* [The problem]: Write out the entries verbatim and leave the images out of the copy.

* [Source material]:

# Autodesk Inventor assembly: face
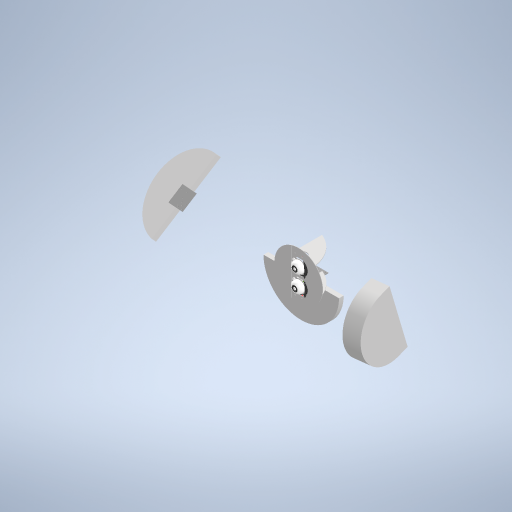
[picture p0: Inventor's stored thumbnail of the model, 512x512]
Saved by Autodesk Inventor 2023.2 (Build 272271030, 271C)
## iProperties
Created: 2024-01-26
Part Number: face
Document SubType Name: Assembly
Designer: I9232
Author: I9232
## Documents named in this file (9)
- D:\!project\fox_n_crow_construction\crow\face\face.iam
- D:\!project\fox_n_crow_construction\crow\face\Сборка глаза вороны.iam
- C:\Users\I9232\OneDrive\Рабочий стол\Проект\Модели\Ворона\Деталь1.ipt
- D:\!project\fox_n_crow_construction\crow\face\Платформа для крыльев лево.ipt
- D:\!project\fox_n_crow_construction\crow\face\Платформа для крыльев право.ipt
- C:\Users\I9232\OneDrive\Рабочий стол\Проект\Модели\Ворона\Крылья\step\Сыр\Сыр.ipt
- C:\Users\I9232\OneDrive\Рабочий стол\Проект\Модели\Ворона\Крылья\step\Веер\Веер.ipt
- D:\!project\fox_n_crow_construction\crow\face\боковые стороны головы.ipt
- D:\!project\fox_n_crow_construction\crow\face\боковые стороны головы_MIR.ipt
## Components (9 placed, 8 different names)
1. Сборка глаза вороны:1 [sub-assembly] — Заподлицо:1
2. Платформа глаз — Заподлицо:1, Заподлицо:5, Совмещение:5, Совмещение:6, Совмещение:7
3. Платформа для крыльев лево:1 — Совмещение:3, Совмещение:4
4. Платформа для крыльев право:1 — Заподлицо:2, Совмещение:1, Совмещение:2, Заподлицо:3
5. Сыр:1
6. Веер:1 — Заподлицо:2, Совмещение:1, Совмещение:2, Заподлицо:3
7. Веер:2 — Совмещение:3, Совмещение:4
8. боковые стороны головы:1 — Заподлицо:5, Совмещение:7
9. боковые стороны головы_MIR:1 — Совмещение:5, Совмещение:6
## Relationships (11: Mate 7, Flush 4)
- Заподлицо:1 [Flush]: Сборка глаза вороны:1 ↔ Платформа глаз
- Заподлицо:2 [Flush]: Платформа для крыльев право:1 ↔ Веер:1
- Совмещение:1 [Mate]: Платформа для крыльев право:1 ↔ Веер:1
- Совмещение:2 [Mate]: Платформа для крыльев право:1 ↔ Веер:1
- Заподлицо:3 [Flush]: Платформа для крыльев право:1 ↔ Веер:1
- Совмещение:3 [Mate]: Платформа для крыльев лево:1 ↔ Веер:2
- Совмещение:4 [Mate]: Платформа для крыльев лево:1 ↔ Веер:2
- Заподлицо:5 [Flush]: Платформа глаз ↔ боковые стороны головы:1
- Совмещение:5 [Mate]: Платформа глаз ↔ боковые стороны головы_MIR:1
- Совмещение:6 [Mate]: Платформа глаз ↔ боковые стороны головы_MIR:1
- Совмещение:7 [Mate]: Платформа глаз ↔ боковые стороны головы:1

* [Response]:
# Autodesk Inventor assembly: face
[picture p0: Inventor's stored thumbnail of the model, 512x512]
Saved by Autodesk Inventor 2023.2 (Build 272271030, 271C)
## iProperties
Created: 2024-01-26
Part Number: face
Document SubType Name: Assembly
Designer: I9232
Author: I9232
## Documents named in this file (9)
- D:\!project\fox_n_crow_construction\crow\face\face.iam
- D:\!project\fox_n_crow_construction\crow\face\Сборка глаза вороны.iam
- C:\Users\I9232\OneDrive\Рабочий стол\Проект\Модели\Ворона\Деталь1.ipt
- D:\!project\fox_n_crow_construction\crow\face\Платформа для крыльев лево.ipt
- D:\!project\fox_n_crow_construction\crow\face\Платформа для крыльев право.ipt
- C:\Users\I9232\OneDrive\Рабочий стол\Проект\Модели\Ворона\Крылья\step\Сыр\Сыр.ipt
- C:\Users\I9232\OneDrive\Рабочий стол\Проект\Модели\Ворона\Крылья\step\Веер\Веер.ipt
- D:\!project\fox_n_crow_construction\crow\face\боковые стороны головы.ipt
- D:\!project\fox_n_crow_construction\crow\face\боковые стороны головы_MIR.ipt
## Components (9 placed, 8 different names)
1. Сборка глаза вороны:1 [sub-assembly] — Заподлицо:1
2. Платформа глаз — Заподлицо:1, Заподлицо:5, Совмещение:5, Совмещение:6, Совмещение:7
3. Платформа для крыльев лево:1 — Совмещение:3, Совмещение:4
4. Платформа для крыльев право:1 — Заподлицо:2, Совмещение:1, Совмещение:2, Заподлицо:3
5. Сыр:1
6. Веер:1 — Заподлицо:2, Совмещение:1, Совмещение:2, Заподлицо:3
7. Веер:2 — Совмещение:3, Совмещение:4
8. боковые стороны головы:1 — Заподлицо:5, Совмещение:7
9. боковые стороны головы_MIR:1 — Совмещение:5, Совмещение:6
## Relationships (11: Mate 7, Flush 4)
- Заподлицо:1 [Flush]: Сборка глаза вороны:1 ↔ Платформа глаз
- Заподлицо:2 [Flush]: Платформа для крыльев право:1 ↔ Веер:1
- Совмещение:1 [Mate]: Платформа для крыльев право:1 ↔ Веер:1
- Совмещение:2 [Mate]: Платформа для крыльев право:1 ↔ Веер:1
- Заподлицо:3 [Flush]: Платформа для крыльев право:1 ↔ Веер:1
- Совмещение:3 [Mate]: Платформа для крыльев лево:1 ↔ Веер:2
- Совмещение:4 [Mate]: Платформа для крыльев лево:1 ↔ Веер:2
- Заподлицо:5 [Flush]: Платформа глаз ↔ боковые стороны головы:1
- Совмещение:5 [Mate]: Платформа глаз ↔ боковые стороны головы_MIR:1
- Совмещение:6 [Mate]: Платформа глаз ↔ боковые стороны головы_MIR:1
- Совмещение:7 [Mate]: Платформа глаз ↔ боковые стороны головы:1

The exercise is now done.